- Location: Winnipeg, Canada

Highlights
- Most gold medals: United States (115)
- Most total medals: United States (218)

= 1967 Pan American Games medal table =

The 1967 Pan American Games, officially known as the V Pan American Games, were a continental multi-sport event held in Winnipeg, Canada, from July 22 to August 7, 1967. At the Games, 2,361 athletes selected from 29 National Olympic Committees (NOCs) participated in events in 19 sports. Twenty-one nations earned medals during the competition, and eleven won at least one gold medal.

== Medal table ==

The ranking in this table is based on medal counts published by several media organizations. By default, the table is ordered by the number of gold medals won by the athletes representing a nation. (In this context, a nation is an entity represented by a NOC). The number of silver medals is taken into consideration next and then the number of bronze medals. If nations are still tied, equal ranking is given and they are listed alphabetically by IOC country code.

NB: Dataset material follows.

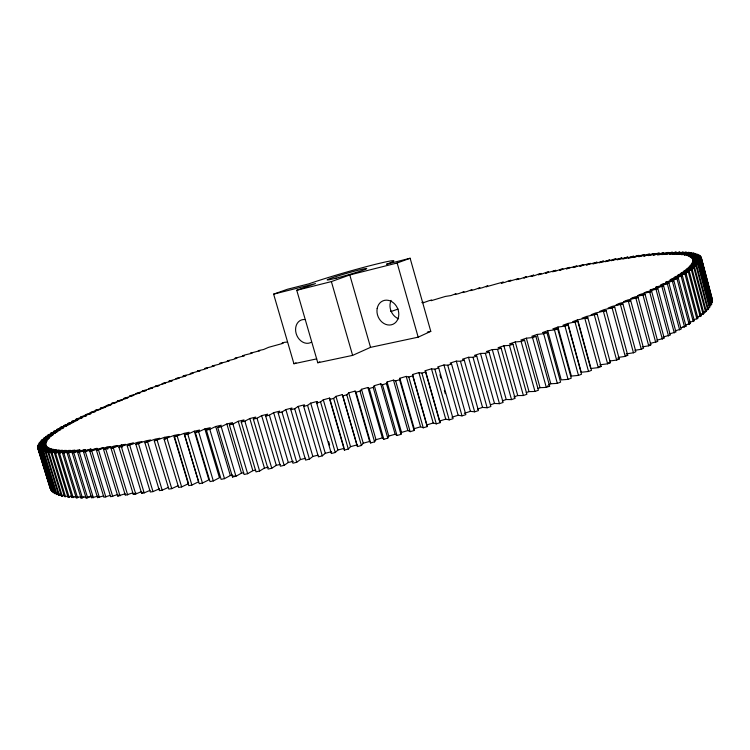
<?xml version="1.0" encoding="UTF-8"?>
<svg xmlns="http://www.w3.org/2000/svg" width="750" height="750" viewBox="0 0 750 750"><rect width="100%" height="100%" fill="white"/><g stroke="black" fill="none" stroke-linecap="round" stroke-linejoin="round"><path stroke-width="1.12" d="M37.5 446.869L45.938 443.812L46.012 443.241L37.678 445.669L51.928 491.588L38.737 449.634L47.212 446.822L46.781 446.381L37.978 448.688L46.444 445.912L46.191 445.416L37.659 447.966L46.022 444.909L45.938 444.375L37.5 446.869L50.972 490.359L37.519 446.512M700.791 256.519L712.5 300.919L701.428 258.637L692.775 260.766L692.766 260.203L701.362 257.85L692.663 259.669L692.475 259.163L700.969 256.809L692.212 258.684L691.866 258.225L700.247 255.872L701.119 259.2M374.297 385.678L388.762 436.078L387.778 438.15L383.822 439.266L382.378 437.887L375.994 439.678L374.597 441.853L370.65 442.959L369.619 441.459L363.244 443.212L361.434 445.491L357.497 446.569L356.878 444.947L350.531 446.663L348.309 449.044L344.391 450.084L329.7 399.459L333.637 398.391L335.963 396.366L342.328 394.622L342.834 395.878L346.791 394.791L348.712 392.869L355.097 391.088L356.025 392.222L359.981 391.116L361.491 389.297L367.894 387.497L369.234 388.5L373.2 387.375L374.297 385.678L380.7 383.841L395.147 434.25L397.003 435.506L400.95 434.363L401.522 432.413L407.887 430.556L410.156 431.681L414.094 430.519L414.244 428.681L399.853 378.272L406.219 376.397L408.797 377.025L412.734 375.863L412.566 374.513L418.894 372.619L421.884 373.116L425.784 371.944L440.175 422.662L436.284 423.853L433.2 422.991L426.9 424.894L427.172 426.619L423.253 427.791L420.581 426.797L414.244 428.681M414.094 430.519L399.6 379.744L399.853 378.272M344.391 450.084L344.194 448.35L337.875 450.019L335.25 452.503L331.35 453.516L316.641 402.966L316.978 401.484L310.688 403.144L307.566 405.375L303.694 406.388L318.412 456.853L322.284 455.859L325.303 453.291L331.575 451.669M37.678 445.669L46.181 442.641L46.425 442.022L38.194 444.394L46.753 441.384L47.147 440.719L39.038 443.034L48.188 439.341L40.191 441.6L40.594 441.15L49.528 437.897L41.653 440.091L42.159 439.622L51.169 436.369L43.425 438.506L44.016 438.019L53.1 434.784L45.488 436.847L46.163 436.341L55.303 433.125L47.831 435.131L48.591 434.606L56.503 432.272L57.778 431.409L50.447 433.35L59.119 430.528L60.516 429.628L53.344 431.512L61.988 428.719L63.516 427.8L56.484 429.609L66.759 425.916L59.888 427.659L60.956 427.059L68.475 424.95L70.247 423.975L63.534 425.653L72.075 422.981L73.969 421.988L67.406 423.6L75.909 420.975L77.906 419.953L71.513 421.509L82.069 417.881L75.834 419.372L77.175 418.716L86.438 415.763L80.372 417.188L81.769 416.531L91.003 413.606L85.106 414.966L86.569 414.3L95.775 411.422L90.038 412.716L91.556 412.031L100.725 409.2L95.166 410.428L103.266 408.075L105.862 406.941L100.472 408.113L108.487 405.806L111.169 404.662L105.947 405.769L116.644 402.347L111.591 403.397L119.438 401.184L122.278 400.012L117.403 400.997L125.147 398.841L128.062 397.659L123.366 398.578L133.997 395.278L129.469 396.141L131.334 395.4L140.081 392.878L135.722 393.684L137.625 392.944L146.287 390.459L142.116 391.209L144.056 390.459L152.634 388.031L148.631 388.716L150.609 387.966L159.103 385.584L155.269 386.212L165.684 383.128L162.028 383.7L164.081 382.941L169.022 381.9L172.378 380.663L168.9 381.169L179.184 378.188L175.875 378.637L177.994 377.878L182.625 376.941L186.094 375.703L182.963 376.097L185.1 375.338L189.581 374.456L193.097 373.209L190.134 373.556L200.194 370.716L197.4 371.006L203.775 369.469L207.375 368.222L204.759 368.447L211.003 366.966L214.641 365.719L212.203 365.897L218.306 364.472L221.991 363.216L219.713 363.337L225.694 361.969L229.406 360.722L227.306 360.787L233.147 359.466L236.897 358.219L234.966 358.238L244.444 355.725L242.681 355.697L245.016 354.928L252.066 353.241L250.472 353.147L259.734 350.756L258.309 350.616L263.588 349.509L268.575 347.334L283.041 343.341L282.122 343.059L284.522 342.309L286.969 342.113M701.231 259.866L712.275 302.494L701.231 259.866L692.55 261.966L692.709 261.347L701.409 258.994M400.95 434.363L386.419 383.578L387.094 381.994L393.478 380.138L395.653 380.897L399.6 379.744M303.694 406.388L304.434 404.794L298.209 406.416L294.694 408.731L290.859 409.725L305.597 460.078L309.431 459.122L312.834 456.459L318.019 455.156M700.669 261.197L711.694 304.172L700.669 261.197L691.978 263.269L692.306 262.603L701.1 260.25M290.859 409.725L292.022 408.009L285.863 409.584L281.962 411.994L278.175 412.959L292.922 463.2L296.709 462.281L300.497 459.534L305.625 458.269M707.156 308.419L709.847 307.275L698.438 264.197L689.756 266.194L690.441 265.416L699.741 262.641L710.737 305.963L699.384 263.091M278.175 412.959L279.741 411.141L273.666 412.669L269.4 415.162L265.669 416.091L280.416 466.209L284.156 465.319L288.3 462.497L293.363 461.269M705.441 310.425L708.253 309.262L696.759 265.856L688.088 267.816L688.969 266.991L698.438 264.197M265.669 416.091L267.638 414.178L261.647 415.65L257.025 418.228L253.35 419.119L268.097 469.088L271.772 468.234L276.291 465.338L280.275 464.4M703.331 312.544L706.275 311.353L694.688 267.638L686.044 269.55L687.112 268.669L696.759 265.856M700.069 314.944L703.903 313.556L692.222 269.522L683.625 271.388L684.881 270.459L694.688 267.638M253.35 419.119L255.712 417.103L249.825 418.528L244.856 421.172L241.247 422.044L255.994 471.853L259.603 471.038L264.459 468.075L268.387 467.175M697.172 317.278L701.138 315.863L689.363 271.528L680.822 273.337L682.275 272.353L692.222 269.522M316.641 402.966L320.55 401.925L323.287 399.797L329.616 398.091L343.866 447.234M232.537 475.059L230.325 475.528L224.494 478.659L221.109 479.363L206.409 430.087L209.784 429.328L215.728 426.497L221.25 425.241L217.753 427.528L232.472 476.991L234.169 475.678M241.247 422.044L243.994 419.925L238.219 421.294L232.912 424.012L229.378 424.847L244.106 474.488L247.65 473.709L252.844 470.681L255.731 470.034M693.872 319.725L697.959 318.291L686.1 273.637L677.625 275.4L679.275 274.359L689.363 271.528M229.378 424.847L232.5 422.644L226.847 423.956L221.213 426.731L217.753 427.528M689.156 322.491L694.387 320.822L682.425 275.859L674.034 277.566L675.881 276.469L686.1 273.637M685.688 325.003L690.394 323.466L678.337 278.194L670.041 279.834L672.084 278.681L682.425 275.859M206.409 430.087L210.262 427.716L204.872 428.916L198.637 431.803L195.356 432.525L210.028 481.594L213.319 480.938L219.45 477.759L204.872 428.916M681.178 327.759L685.997 326.212L673.847 280.631L665.653 282.206L678.337 278.194M195.356 432.525L199.556 430.078L194.306 431.212L187.791 434.156L184.594 434.831L199.247 483.684L202.444 483.066L208.856 479.85L194.306 431.212M675.112 330.853L681.178 329.062L668.934 283.191L660.862 284.691L673.847 280.631M232.472 476.991L235.941 476.25L241.463 473.166L243.722 472.678M184.594 434.831L189.131 432.309L184.041 433.387L174.159 437.006L188.775 485.634L191.878 485.062L198.562 481.809L184.041 433.387M669.788 333.797L675.947 332.016L663.6 285.844L655.678 287.269L668.934 283.191M174.159 437.006L179.025 434.419L174.084 435.431L164.062 439.05L178.631 487.444L181.641 486.919L188.569 483.637L174.084 435.431M662.934 337.059L670.294 335.072L657.853 288.6L650.081 289.95L663.6 285.844M164.062 439.05L169.238 436.406L164.466 437.344L154.303 440.953L168.834 489.113L171.741 488.625L177.881 485.794M656.794 340.191L664.228 338.222L651.694 291.469L644.081 292.734L657.853 288.6M141.703 491.503L135.731 494.016L133.275 494.325L118.95 447.225L129.441 443.7L133.5 443.016L127.219 445.866L141.6 493.238L143.663 492.197M154.303 440.953L159.778 438.253L155.175 439.134L144.909 442.734L159.394 490.631L162.188 490.191L168.516 487.341M133.275 494.325L136.022 492.975M650.259 343.416L657.75 341.466L645.122 294.431L637.688 295.613L640.941 294.159L651.694 291.469M144.909 442.734L150.656 439.978L146.231 440.784L135.872 444.366L150.309 492.009L153 491.606L159.637 488.691M642.234 346.903L648.713 345.816L650.859 344.794L638.128 297.488L630.9 298.584L634.341 297.084L645.122 294.431M135.872 444.366L141.9 441.562L137.653 442.312L127.219 445.866M117.984 494.466L110.634 496.725L96.506 450.487L107.053 447.075L110.55 446.597L103.584 449.531L117.787 496.069L119.747 495.159M273.628 294.141L315.497 283.594L296.756 290.287L317.784 362.756L352.622 355.378L370.538 347.353L418.172 337.162L430.781 331.359L410.128 258.253L386.531 264.216A48.759 2.222 -16 0 0 373.209 264.872A48.759 2.222 -16 0 0 308.878 283.847L287.512 289.237L273.628 294.141L293.925 363.741L316.697 358.875M634.913 350.287L641.287 349.266L643.556 348.216L630.731 300.647L623.709 301.641L627.356 300.103L638.128 297.488M626.156 353.906L633.459 352.791L635.85 351.722L622.931 303.891L616.134 304.791L619.969 303.206L630.731 300.647M118.95 447.225L125.466 444.347L121.594 444.956L111.066 448.444L125.334 495.262L132.75 492.909M317.784 362.756L319.809 361.866M618.084 357.431L625.237 356.4L627.75 355.312L614.728 307.219L608.175 308.016L612.206 306.394L622.931 303.891M97.688 496.181L91.612 497.869L77.7 452.531L91.069 448.988L83.559 451.978L97.547 497.625L99.666 496.706M111.066 448.444L117.816 445.538L114.131 446.081L103.584 449.531M293.925 363.741L296.006 362.841M141.6 493.238L144.178 492.881L150.009 490.378M609.778 361.003L616.631 360.075L619.256 358.969L606.141 310.631L599.841 311.325L604.059 309.656L614.728 307.219M85.763 496.791L80.972 497.962L67.219 453.234L77.55 450.103L80.053 449.944L72.253 452.944L86.091 497.981L90.909 495.984M96.506 450.487L103.659 447.525L89.831 451.303L103.894 497.241L110.119 495.45M599.841 364.8L607.641 363.825L610.369 362.691L597.169 314.119L591.141 314.709L595.538 313.003L606.141 310.631M80.972 497.962L83.906 496.772M89.831 451.303L97.172 448.322L83.559 451.978M117.787 496.069L125.166 493.762M590.691 368.503L598.275 367.631L601.116 366.488L587.822 317.681L582.075 318.159L586.65 316.425L597.169 314.119M76.153 496.603L71.944 497.55L58.359 453.441L68.513 450.441L70.622 450.403L62.588 453.403L76.256 497.822L78.244 497.025M548.644 384.562L550.781 383.784L557.334 383.372L560.588 382.162L546.928 332.559L542.466 332.578L547.697 330.731L561.234 379.903L568.069 379.369L571.228 378.178L557.653 328.762L552.844 328.894L557.925 327.066L571.378 376.059L578.475 375.413L581.531 374.231L568.05 325.012L562.922 325.256L567.834 323.466L581.203 372.262L588.544 371.494L591.506 370.331L578.109 321.319L572.672 321.684L577.416 319.913L587.822 317.681M77.7 452.531L85.369 449.531L72.253 452.944M71.944 497.55L73.959 496.753M67.509 496.134L64.528 496.641L51.122 453.159L61.031 450.3L62.756 450.375L54.544 453.356L68.034 497.147L71.091 495.975M97.547 497.625L103.706 495.891M67.219 453.234L75.141 450.234L72.834 450.328L62.588 453.403M61.678 494.766L58.697 495.262L45.459 452.419L55.106 449.709L56.447 449.897L48.094 452.841L61.416 496.003L63.487 495.234M86.091 497.981L92.072 496.35M567.834 323.466L578.109 321.319M296.756 290.287L331.378 281.597L349.781 274.95L397.153 263.006L410.128 258.253M58.359 453.441L66.497 450.45L64.575 450.431L54.544 453.356M58.697 495.262L60.778 494.494M557.925 327.066L564.966 326.128L568.05 325.012M537.844 388.472L540.037 387.684L546.3 387.394L549.647 386.184L535.903 336.412L531.788 336.3L537.159 334.434L543.656 333.712L546.928 332.559M51.122 453.159L59.409 450.197L57.881 450.056L48.094 452.841M76.256 497.822L81.553 496.472M547.697 330.731L554.466 329.897L557.653 328.762M526.219 392.597L529.022 391.613L534.975 391.453L538.406 390.234L524.578 340.294L520.819 340.069L526.341 338.184L532.537 337.575L535.903 336.412M45.459 452.419L53.859 449.484L52.706 449.241L43.219 451.875L56.353 494.409L59.222 493.959M513.928 396.881L517.744 395.559L523.378 395.522L526.884 394.294L512.981 344.213L509.597 343.856L515.241 341.962L521.128 341.466L524.578 340.294M68.034 497.147L72.131 496.256M43.219 451.875L51.647 448.978L50.681 448.678L41.353 451.228L54.403 493.453L57.141 493.05M502.331 400.828L506.231 399.516L511.528 399.6L515.109 398.372L501.131 348.159L498.122 347.681L503.888 345.769L509.447 345.394L512.981 344.213M41.353 451.228L49.809 448.359L49.022 448.012L39.863 450.487L48.328 447.638L47.728 447.244L38.737 449.634M61.416 496.003L64.528 495.459M490.528 404.784L494.494 403.463L499.453 403.678L503.1 402.459L489.037 352.116L486.422 351.516L492.3 349.594L497.522 349.35L501.131 348.159M477.525 409.05L482.55 407.409L487.153 407.756L490.866 406.537L476.737 356.091L474.506 355.359L480.487 353.438L485.372 353.306L489.037 352.116M464.316 413.306L470.438 411.347L474.666 411.816L478.434 410.606L464.231 360.066L462.413 359.213L468.488 357.291L473.006 357.281L476.737 356.091M451.959 417.206L458.156 415.256L462.009 415.866L465.825 414.656L451.556 364.041L450.15 363.056L456.3 361.134L460.444 361.256L464.231 360.066M438.741 367.997L434.859 369.188L431.484 368.812L425.203 370.716L439.481 421.069L445.734 419.137L449.213 419.878L453.066 418.678L438.741 367.997L437.738 366.9L443.962 364.978L447.731 365.231L451.556 364.041M380.7 383.841L382.453 384.722L386.419 383.578M388.762 436.078L395.147 434.25M398.1 309.028L391.05 311.522L390.712 311.072M421.856 302.606L423.488 302.175L423.169 302.812L429.197 300.656L431.644 300.019L431.156 300.703L445.434 296.419L450.984 295.566L455.925 293.728L454.931 294.562L458.859 293.559L463.95 291.694L462.787 292.575L466.697 291.591L471.938 289.697L470.597 290.625L474.488 289.659L479.869 287.738L478.369 288.703L482.231 287.756L487.762 285.806L486.084 286.828L501.047 282.619L503.381 282.066L501.356 283.172L505.134 282.291L508.791 280.8L511.097 280.256L508.894 281.409L518.747 278.484L516.375 279.684L520.087 278.841L526.322 276.759L523.781 278.006L533.822 275.081L531.103 276.366L534.741 275.569L539.034 273.928L541.247 273.441L538.35 274.772L541.941 273.994L546.394 272.325L548.587 271.856L545.513 273.225L555.825 270.309L552.581 271.734L556.078 271.003L560.841 269.259L562.978 268.819L559.547 270.281L567.919 267.806L570.028 267.384L566.419 268.884L574.894 266.4L576.966 265.997L573.178 267.544L581.756 265.059L583.791 264.666L579.825 266.25L588.497 263.766L590.503 263.381L586.35 265.022L597.084 262.162L592.762 263.841L595.913 263.278L603.534 261.009L599.034 262.725L602.119 262.181L609.853 259.913L605.166 261.666L608.184 261.159L614.184 259.181L616.022 258.872L611.156 260.672L622.041 257.906L616.997 259.734L619.856 259.294L627.9 257.006L622.688 258.872L625.462 258.469L633.6 256.172L628.2 258.075L630.9 257.7L637.491 255.628L639.131 255.403L633.553 257.353L642.891 254.916L644.475 254.719L638.728 256.697L648.113 254.278L649.641 254.1L643.706 256.106L653.137 253.706L654.609 253.556L648.506 255.6L657.966 253.228L659.372 253.097L653.1 255.169L663.928 252.713L657.478 254.822L659.597 254.672L668.269 252.413L661.65 254.55L663.647 254.437L672.375 252.188L665.597 254.353L676.256 252.056L669.309 254.25L671.072 254.231L679.894 252.019L672.778 254.231L674.428 254.259L683.278 252.056L676.003 254.306L677.522 254.372L685.491 252.15L686.4 252.197L678.975 254.456L688.425 252.347L689.25 252.431L681.675 254.709L691.087 252.647L691.828 252.759L684.103 255.056L693.459 253.041L694.116 253.181L686.25 255.497L695.55 253.537L696.112 253.697L688.116 256.031L697.809 254.325L689.672 256.659L690.337 257.016L699.188 255.047L690.928 257.391L691.434 257.803L700.247 255.872M700.425 261.619L691.556 263.953L691.05 264.675L699.741 262.641M427.35 332.1L430.781 331.359M706.087 309.713L708.253 309.262M704.109 311.794L706.275 311.353M700.669 314.194L703.903 313.556M698.991 316.275L701.138 315.863M688.312 323.822L690.394 323.466M682.913 326.719L685.997 326.212M648.778 345.038L650.859 344.794M625.547 355.481L627.75 355.312M617.137 359.1L619.256 358.969M608.344 362.784L610.369 362.691M598.8 366.544L601.116 366.488M547.547 385.959L549.647 386.184M425.203 370.716L425.784 371.944M439.481 421.069L440.175 422.662M59.588 453.441L73.2 497.644M55.641 453.394L69.169 497.278M52.106 453.234L65.541 496.8M48.956 452.953L62.306 496.209M46.209 452.559L59.475 495.497M43.847 452.053L57.019 494.681M41.869 451.434L54.947 493.753M40.275 450.722L53.25 492.722L39.863 450.487M37.575 447.647L50.25 488.634M85.397 451.791L99.413 497.531M79.416 452.381L93.356 497.812M73.847 452.831L87.703 497.962M68.681 453.159L82.462 497.981M63.928 453.366L77.625 497.878M113.391 448.097L127.669 495M107.053 447.075L107.728 449.269M105.788 449.222L120.009 495.844M98.587 450.216L112.744 496.547M91.791 451.069L105.872 497.1M138.544 443.888L153 491.606M129.778 445.425L144.178 492.881M121.594 444.956L122.269 447.178M121.387 446.831L135.731 494.016M167.053 438.45L181.641 486.919M164.466 437.344L165.131 439.575M157.191 440.4L171.741 488.625M147.684 442.209L162.188 490.191M198.637 431.803L213.319 480.938M187.791 434.156L202.444 483.066M177.263 436.369L191.878 485.062M226.847 423.956L241.463 473.166M221.213 426.731L235.941 476.25M215.728 426.497L230.325 475.528M209.784 429.328L224.494 478.659M249.825 418.528L264.459 468.075M244.856 421.172L259.603 471.038M238.219 421.294L252.844 470.681M232.912 424.012L247.65 473.709M281.962 411.994L296.709 462.281M273.666 412.669L288.3 462.497M269.4 415.162L284.156 465.319M261.647 415.65L276.291 465.338M257.025 418.228L271.772 468.234M307.566 405.375L322.284 455.859M298.209 406.416L312.834 456.459M294.694 408.731L309.431 459.122M285.863 409.584L300.497 459.534M335.963 396.366L350.531 446.663M333.637 398.391L348.309 449.044M323.287 399.797L337.875 450.019M320.55 401.925L335.25 452.503M316.978 401.484L317.625 403.716M328.659 441.628L329.625 444.975M310.688 403.144L325.303 453.291M331.378 281.597L352.622 355.378M361.491 389.297L375.994 439.678M359.981 391.116L374.597 441.853M356.025 392.222L370.65 442.959M355.097 391.088L369.619 441.459M348.712 392.869L363.244 443.212M346.791 394.791L361.434 445.491M342.834 395.878L357.497 446.569M342.328 394.622L356.878 444.947M387.094 381.994L401.522 432.413M382.453 384.722L397.003 435.506M349.781 274.95L370.538 347.353M373.2 387.375L387.778 438.15M369.234 388.5L383.822 439.266M367.894 387.497L382.378 437.887M412.566 374.513L426.9 424.894M412.734 375.863L427.172 426.619M408.797 377.025L423.253 427.791M406.219 376.397L420.581 426.797M395.653 380.897L410.156 431.681M393.478 380.138L407.887 430.556M439.95 374.719L440.897 378.075M444.375 390.375L445.322 393.722M434.859 369.188L449.213 419.878M431.484 368.812L445.734 419.137M397.153 263.006L418.172 337.162M421.884 373.116L436.284 423.853M418.894 372.619L433.2 422.991M468.488 357.291L482.55 407.409M460.444 361.256L474.666 411.816M456.3 361.134L470.438 411.347M447.731 365.231L462.009 415.866M443.962 364.978L458.156 415.256M492.3 349.594L506.231 399.516M485.372 353.306L499.453 403.678M480.487 353.438L494.494 403.463M473.006 357.281L487.153 407.756M521.128 341.466L534.975 391.453M515.241 341.962L529.022 391.613M509.447 345.394L523.378 395.522M503.888 345.769L517.744 395.559M497.522 349.35L511.528 399.6M543.656 333.712L557.334 383.372M537.159 334.434L550.781 383.784M532.537 337.575L546.3 387.394M526.341 338.184L540.037 387.684M575.128 322.416L588.544 371.494M564.966 326.128L578.475 375.413M554.466 329.897L568.069 379.369M594.403 315.178L607.641 363.825M586.65 316.425L587.269 318.675M584.944 318.769L598.275 367.631M577.416 319.913L590.381 367.378M620.513 304.875L633.459 352.791M612.188 308.231L625.237 356.4M603.488 311.672L616.631 360.075M649.763 292.35L662.334 339.178M643.059 295.341L655.725 342.45M635.953 298.425L648.713 345.816M628.434 301.603L641.287 349.266M677.034 278.916L689.119 324.281M672.413 281.391L684.591 327.056M667.378 283.969L679.65 329.934M661.922 286.659L674.297 332.925M656.053 289.453L668.522 336M701.278 257.522L712.266 299.044M697.969 264.684L709.406 307.856M696.178 266.381L707.7 309.872M693.984 268.191L705.6 312M691.406 270.113L703.116 314.231M688.425 272.147L700.228 316.584M685.041 274.294L696.928 319.041M681.244 276.544L693.234 321.6M329.616 398.091L329.7 399.459M311.419 342.188A12.234 9.741 68 0 1 296.166 333.591A12.234 9.741 68 0 1 304.847 319.528M398.588 318.788A12.553 10.491 67.3 0 1 391.097 300.394M377.175 308.484A12.741 10.575 67.3 0 0 391.294 324.825A12.741 10.575 67.3 0 0 395.138 304.481A12.741 10.575 67.3 0 0 377.175 308.484M336.122 278.147A20.559 0.938 -16 0 0 366.694 268.641A20.559 0.938 -16 0 0 338.053 275.906A20.559 0.938 -16 0 0 336.122 278.147"/></g></svg>

| Rank | Nation | Gold | Silver | Bronze | Total |
| 1 | United States | 115 | 61 | 42 | 218 |
| 2 | Canada* | 12 | 33 | 38 | 83 |
| 3 | Brazil | 10 | 10 | 5 | 25 |
| 4 | Cuba | 8 | 14 | 24 | 46 |
| 5 | Argentina | 7 | 12 | 10 | 29 |
| 6 | Mexico | 5 | 14 | 21 | 40 |
| 7 | Trinidad and Tobago | 2 | 2 | 3 | 7 |
| 8 | Venezuela | 1 | 4 | 5 | 10 |
| 9 | Colombia | 1 | 2 | 5 | 8 |
| 10 | Chile | 1 | 1 | 3 | 5 |
| Puerto Rico | 1 | 1 | 3 | 5 |
| 12 | Peru | 0 | 2 | 1 | 3 |
| 13 | Uruguay | 0 | 1 | 4 | 5 |
| 14 | Ecuador | 0 | 1 | 2 | 3 |
| Panama | 0 | 1 | 2 | 3 |
| 16 | Bermuda | 0 | 1 | 1 | 2 |
| 17 | Barbados | 0 | 1 | 0 | 1 |
| 18 | Jamaica | 0 | 0 | 3 | 3 |
| 19 | Guyana | 0 | 0 | 1 | 1 |
| Netherlands Antilles | 0 | 0 | 1 | 1 |
| Totals (20 entries) |  | 163 | 161 | 174 | 498 |

== Notes ==

- Some sources appoint that the United States actually achieved 120 gold medals, 63 silver medals and 42 bronze medals, despite the majority of reports counting 128, 69 and 47, respectively. This would result in a total of 225 medals earned by American athletes during the Games.
- Some reports say that Canada earned 12 gold medals, 37 silver medals and 43 bronze medals, instead of 17, 39 and 50, respectively. This would result in a total of 92 medals earned by Canadian athletes during the Games.
- Some sources appoint that Argentina achieved 13 silver medals and 11 bronze medals, instead of 14 and 12, respectively. This would result in a total of 30 medals earned by Argentinean athletes during the Games.
- Some reports say that Cuba placed fourth in the medal table, ahead of Argentina and Mexico, after achieving 8 gold medals, 14 silver medals and 26 bronze medals. This would result in a total of 48 medals earned by Cuban athletes during the Games.